*** Entries supplied ***
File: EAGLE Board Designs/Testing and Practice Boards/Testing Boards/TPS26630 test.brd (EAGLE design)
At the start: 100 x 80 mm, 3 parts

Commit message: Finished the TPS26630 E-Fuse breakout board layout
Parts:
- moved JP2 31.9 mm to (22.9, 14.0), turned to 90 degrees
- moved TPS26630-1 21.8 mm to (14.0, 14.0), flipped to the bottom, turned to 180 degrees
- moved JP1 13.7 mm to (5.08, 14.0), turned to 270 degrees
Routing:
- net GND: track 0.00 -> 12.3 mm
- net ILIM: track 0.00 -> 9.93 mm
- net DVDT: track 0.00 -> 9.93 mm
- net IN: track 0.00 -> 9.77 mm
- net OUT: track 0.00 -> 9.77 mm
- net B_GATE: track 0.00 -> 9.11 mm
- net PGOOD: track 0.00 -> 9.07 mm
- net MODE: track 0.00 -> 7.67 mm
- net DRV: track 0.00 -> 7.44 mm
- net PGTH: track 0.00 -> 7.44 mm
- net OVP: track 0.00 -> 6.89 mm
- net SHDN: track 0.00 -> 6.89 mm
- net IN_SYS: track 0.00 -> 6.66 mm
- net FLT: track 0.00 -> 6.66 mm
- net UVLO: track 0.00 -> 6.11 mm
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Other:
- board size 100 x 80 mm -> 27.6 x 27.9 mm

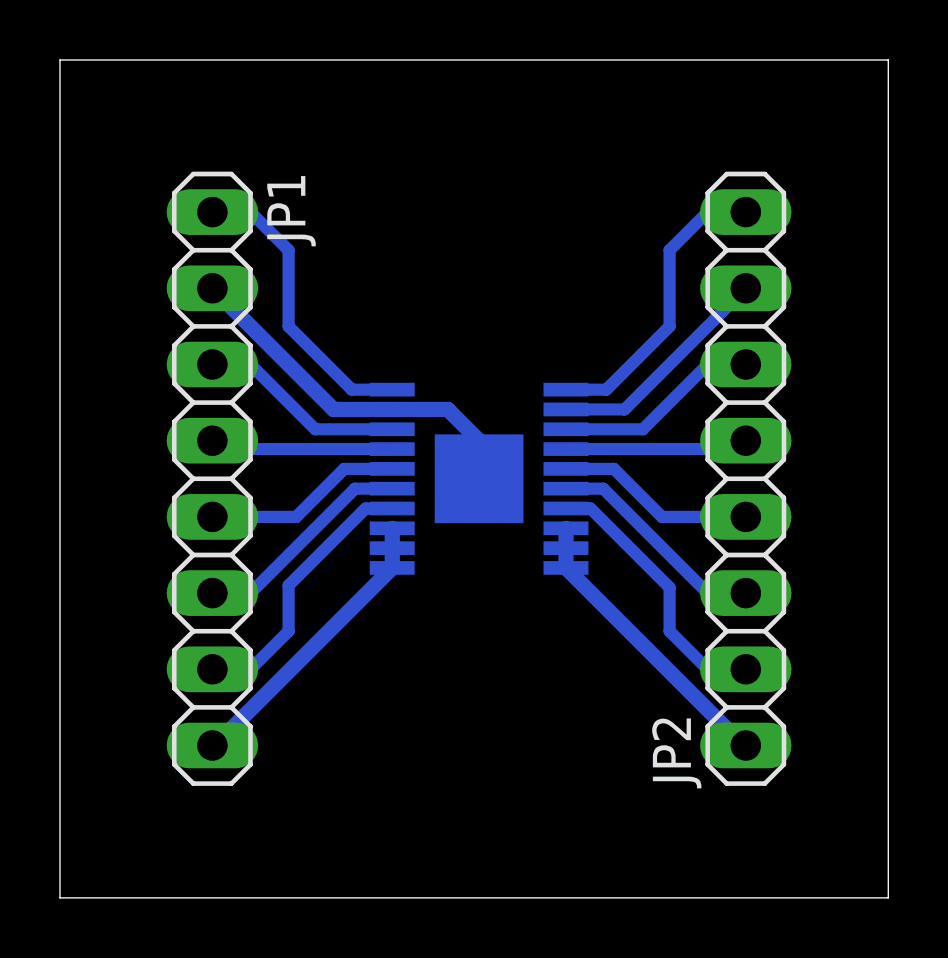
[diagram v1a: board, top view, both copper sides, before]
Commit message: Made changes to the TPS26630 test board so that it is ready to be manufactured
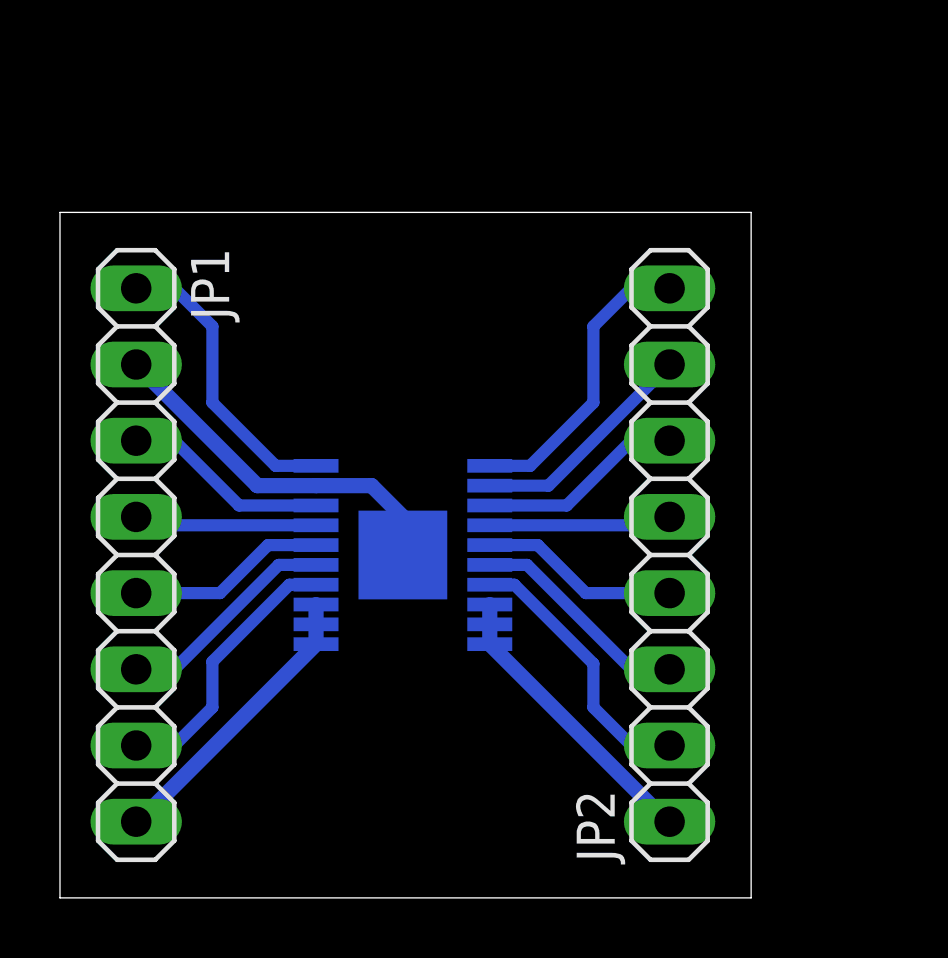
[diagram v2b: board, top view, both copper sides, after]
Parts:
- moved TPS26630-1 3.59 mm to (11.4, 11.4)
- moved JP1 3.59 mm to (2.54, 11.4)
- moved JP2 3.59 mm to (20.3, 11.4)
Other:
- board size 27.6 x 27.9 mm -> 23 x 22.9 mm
*** End of Entries supplied ***
- **What you need to do**
Set down every entry exactly as it appears, but skip the pictures.

- **Answer box**
File: EAGLE Board Designs/Testing and Practice Boards/Testing Boards/TPS26630 test.brd (EAGLE design)
At the start: 100 x 80 mm, 3 parts

Commit message: Finished the TPS26630 E-Fuse breakout board layout
Parts:
- moved JP2 31.9 mm to (22.9, 14.0), turned to 90 degrees
- moved TPS26630-1 21.8 mm to (14.0, 14.0), flipped to the bottom, turned to 180 degrees
- moved JP1 13.7 mm to (5.08, 14.0), turned to 270 degrees
Routing:
- net GND: track 0.00 -> 12.3 mm
- net ILIM: track 0.00 -> 9.93 mm
- net DVDT: track 0.00 -> 9.93 mm
- net IN: track 0.00 -> 9.77 mm
- net OUT: track 0.00 -> 9.77 mm
- net B_GATE: track 0.00 -> 9.11 mm
- net PGOOD: track 0.00 -> 9.07 mm
- net MODE: track 0.00 -> 7.67 mm
- net DRV: track 0.00 -> 7.44 mm
- net PGTH: track 0.00 -> 7.44 mm
- net OVP: track 0.00 -> 6.89 mm
- net SHDN: track 0.00 -> 6.89 mm
- net IN_SYS: track 0.00 -> 6.66 mm
- net FLT: track 0.00 -> 6.66 mm
- net UVLO: track 0.00 -> 6.11 mm
Other:
- board size 100 x 80 mm -> 27.6 x 27.9 mm

[diagram v1a: board, top view, both copper sides, before]
Commit message: Made changes to the TPS26630 test board so that it is ready to be manufactured
[diagram v2b: board, top view, both copper sides, after]
Parts:
- moved TPS26630-1 3.59 mm to (11.4, 11.4)
- moved JP1 3.59 mm to (2.54, 11.4)
- moved JP2 3.59 mm to (20.3, 11.4)
Other:
- board size 27.6 x 27.9 mm -> 23 x 22.9 mm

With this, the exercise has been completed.